In the present work, a solid biopolymer membrane (SBPM) with gellan gum (GG) and sodium perchlorate (NaClO4) has been prepared by solution casting method for the fabrication of solid-state sodium-ion battery (SIB). The prepared SBPMs were carried out with various characterization techniques. X-ray diffraction (XRD) method confirms the crystalline/amorphous nature of the prepared biopolymer membranes (BPMs), and the membrane with the composition of 1g GG: 0.6 M.wt% of NaClO4 exhibits high amorphous nature. Fourier transform infrared (FTIR) spectroscopy reveals the complexation between the host biopolymer GG and NaClO4. The glass transition temperature (Tg) of prepared membranes is examined using differential scanning calorimetry (DSC), and the BPM with the concentration of 1g GG: 0.6 M.wt% of NaClO4 results with low Tg value (42.70 °C) in contrast to other salt-added membranes.
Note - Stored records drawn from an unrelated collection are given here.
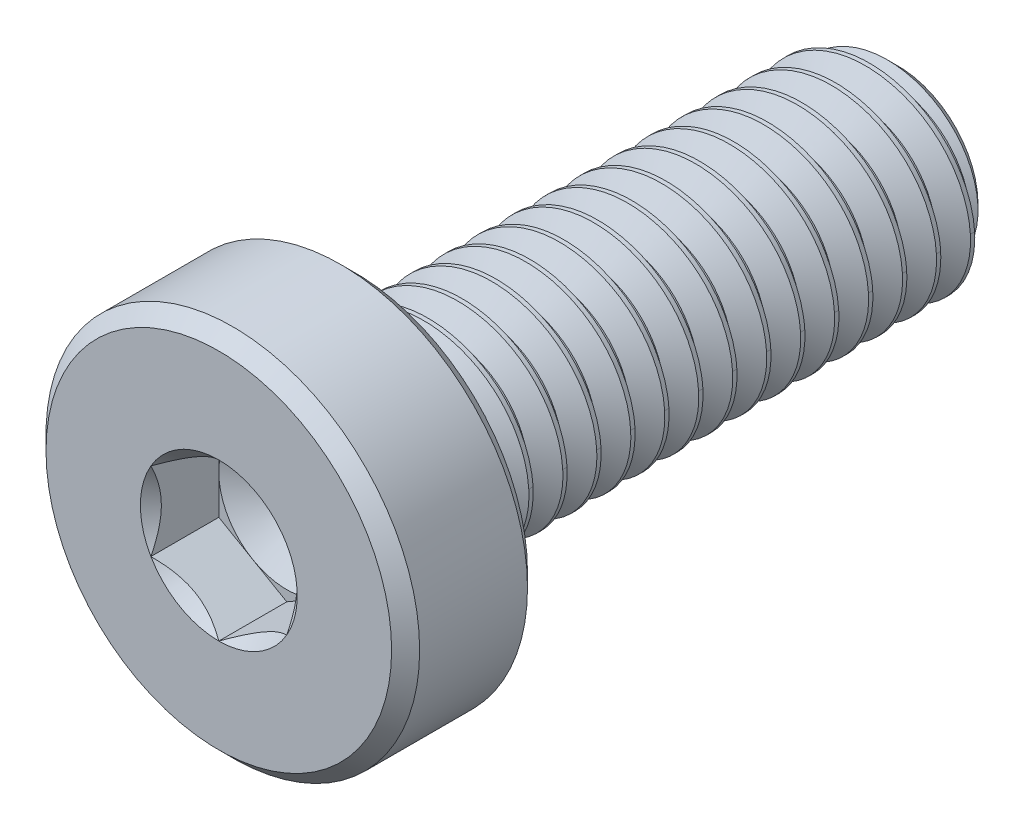
SolidWorks part; units mm, degrees
ref_plane "Front Plane" through (0, 0, 0) normal (0, 0, 1) x (1, 0, 0)
ref_plane "Top Plane" through (0, 0, 0) normal (0, 1, 0) x (1, 0, 0)
ref_plane "Right Plane" through (0, 0, 0) normal (1, 0, 0) x (0, 0, -1)
sketch "Sketch1" plane through (0, 0, 0) normal (1, 0, 0) x (0, 0, -1)
  line L0 (5, 0) -> (-5, 0) construction
  line L1 (-5, -2.75) -> (-5, 2.75) construction
  line L2 (-5, 2.75) -> (-3, 2.75) construction
  line L3 (5, -1.5) -> (5, 1.5) construction
  line L7 (4.9687, 1.5541) -> (5.4687, 1.5541) construction
  line L8 (5.4687, 1.5541) -> (5.2187, 1.1211) construction
  line L9 (5.2187, 1.1211) -> (4.9687, 1.5541) construction
  line L10 (5.2187, 1.5541) -> (5.2187, 1.5) construction
  line L11 (5.2187, 1.5) -> (5.2187, 1.1752) construction
  line L12 (5.2187, 1.1752) -> (5.2187, 1.1211) construction
  line L13 (5.1875, 1.1752) -> (5.25, 1.1752) construction
  line L14 (5, 1.5) -> (5.4375, 1.5) construction
  line L15 (4.9844, 1.5271) -> (5.4531, 1.5271) construction
  line L17 (5, -1.5) -> (3.75, -1.5) construction
  point P4 (0, 0)
  point P8 (-5, 0)
  point P11 (5, 0)
  point P16 (-5, 1)
  point P20 (5.2187, 1.1752)
  point P23 (5.2187, 1.5)
  point P26 (5.2187, 1.5271)
  point P27 (-5, -1)
  dimension "Head Diameter" = 5.5
  dimension "Head Height" = 2
  dimension "Length" = 8
  dimension "Thread Size" = 3
  dimension "Thread Pitch" = 0.5
  dimension "D1" = 0.0625
  dimension "Drive Size" = 2
  dimension "D2" = 1.25
sketch "Sketch2" plane through (0, 0, 0) normal (1, 0, 0) x (0, 0, -1)
  line L0 (-3.2063, 2.75) -> (-3, 2.5437)
  line L1 (-5, 2.75) -> (-3, 2.75) construction
  line L2 (-5, 1) -> (-4, 1)
  line L3 (-4, 1) -> (-4, 0)
  line L4 (5, 0) -> (-5, 0) construction
  line L5 (-4, 0) -> (5, 0)
  line L6 (5, 0) -> (5, 1.1752)
  line L7 (5, -1.5) -> (5, 1.5) construction
  line L8 (5, 1.1752) -> (4.6752, 1.5)
  line L9 (4.6752, 1.5) -> (-2.85, 1.5)
  line L10 (-3, 1.65) -> (-3, 2.5437)
  line L11 (-5, 1) -> (-5, 2.5437)
  line L12 (-5, -2.75) -> (-5, 2.75) construction
  line L13 (-5, 2.5437) -> (-4.7937, 2.75)
  line L14 (-4.7937, 2.75) -> (-3.2063, 2.75)
  arc A0 (-2.85, 1.5) -> (-3, 1.65) centre (-2.85, 1.65) cw
  point P24 (-3, 1.5)
  dimension "D6" = 0.15
  dimension "D1" = 45
  dimension "D3" = 1
  dimension "D4" = 45
  dimension "D5" = 0.2062
  dimension "D2" = 0.2062
revolve "Revolve1" add sketch "Sketch2" angle 360 about L5
sketch "Sketch3" plane through (0, 0, 5) normal (0, 0, 1) x (1, 0, 0)
  line L5 (0, 1.1547) -> (-1, 0.5774)
  line L7 (-1, 0.5774) -> (-1, -0.5774)
  line L8 (-1, -0.5774) -> (0, -1.1547)
  line L9 (0, -1.1547) -> (1, -0.5774)
  line L10 (1, -0.5774) -> (1, 0.5774)
  line L11 (1, 0.5774) -> (0, 1.1547)
  circle A1 centre (0, 0) radius 1 construction
  circle A2 centre (0, 0) radius 1 construction
extrude "Cut-Extrude1" cut sketch "Sketch3" against normal up to surface (1 mm away) up to face at (1, 0, 4)
sketch "Sketch4" plane through (0, 0, 5) normal (0, 0, 1) x (1, 0, 0)
  circle A0 centre (0, 0) radius 1.1547
extrude "Cut-Extrude2" cut sketch "Sketch4" against normal through all draft 45
sketch "Sketch6" plane through (0, 0, 4) normal (0, 0, 1) x (1, 0, 0)
  line L0 (-1, 0.5774) -> (-1, -0.5774) construction
  circle A1 centre (0, 0) radius 1
extrude "Cut-Extrude5" cut sketch "Sketch6" against normal through all draft 60
sketch "Sketch7" plane through (0, 0, -5) normal (0, 0, -1) x (-1, 0, 0)
  circle A0 centre (0, 0) radius 1.5
curve "Helix/Spiral1" pitch 0.5 height 8.3125 turns 16.625
sketch "Sketch8" plane through (0, 0, 0) normal (1, 0, 0) x (0, 0, -1)
  line L0 (4.9844, 1.5271) -> (5.4531, 1.5271)
  line L1 (5.4531, 1.5271) -> (5.25, 1.1752)
  line L2 (5.25, 1.1752) -> (5.1875, 1.1752)
  line L3 (5.1875, 1.1752) -> (4.9844, 1.5271)
sweep "Cut-Sweep1" cut profiles "Sketch8" path "Helix/Spiral1"
sketch "Sketch9" plane through (0, 0, 0) normal (1, 0, 0) x (0, 0, -1)
  line L0 (-3.3438, 0) -> (-3.3438, 1.65)
  line L1 (5, 0) -> (-5, 0) construction
  line L2 (-2.85, 1.5) -> (-2.5, 1.5)
  line L3 (-2.5, 1.5) -> (-1.634, 0)
  line L4 (-1.634, 0) -> (-3.3438, 0)
  line L5 (5, 1.5) -> (5.4375, 1.5) construction
  line L7 (-3, -2.5438) -> (-3, 2.5437) construction
  line L8 (-4, 0) -> (5, 0) construction
  line L9 (5, 0) -> (5, 1.1752) construction
  line L10 (-3.3438, 1.65) -> (-3, 1.65)
  arc A0 (-3, 1.65) -> (-2.85, 1.5) centre (-2.85, 1.65) ccw construction
  arc A1 (-3, 1.65) -> (-2.85, 1.5) centre (-2.85, 1.65) ccw
  dimension "D1" = 60
  dimension "D2" = 0.5
  dimension "D3" = 8.3438
revolve "Revolve2" add sketch "Sketch9" angle 360 about L4
equation "\"D1@Sketch1\"=\"Thread Pitch@Sketch1\"/8"
equation "\"D5@Sketch2\"=\"D2@Sketch2\""
equation "\"D3@Helix/Spiral1\"=\"Length@Sketch1\"+\"Thread Pitch@Sketch1\"*0.625"
equation "\"D4@Helix/Spiral1\"=\"Thread Pitch@Sketch1\""
equation "\"D2@Sketch2\"=\"Head Diameter@Sketch1\"*0.0375"
equation "\"D2@Sketch1\"=\"Thread Pitch@Sketch1\"*2.5"
equation "\"D3@Sketch2\"=\"Head Height@Sketch1\"*0.5"
equation "\"60g\"=45"
equation "\"D6@Sketch2\" = \"Thread Size@Sketch1\" * 0.05"
equation "\"D2@Sketch9\"=\"Thread Pitch@Sketch1\""
equation "\"D3@Sketch9\"=\"D3@Helix/Spiral1\"+\"D1@Sketch1\"*0.5"

From AC impedance analysis, the ionic conductivity calculated for pure GG is 3.87±0.15 ×10−6 S cm−1, and on addition of salt, the membrane 1g GG: 0.6 M.wt% of NaClO4 exhibits enhanced ionic conductivity of 4.85±0.11 ×10−3 S cm−1 at room temperature. Surface morphology analysis and thermal stability of the prepared BPMs have been examined using scanning electron microscopy (SEM) and thermogravimetric analysis (TGA). Transference number measurement has been done to confirm that the conduction is mainly due to ions. The electrochemical stability for the highest ion conducting membrane has been analyzed using linear sweep voltammetry (LSV). The cycling stability for the prepared biopolymer electrolyte of 1g GG: 0.6 M.wt% of NaClO4 has been obtained using cyclic voltammetry (CV) analysis. The solid-state primary sodium ion battery (SIB) has been constructed using the highest ion conducting membrane and results in an open circuit voltage (OCV) of 2.99 V.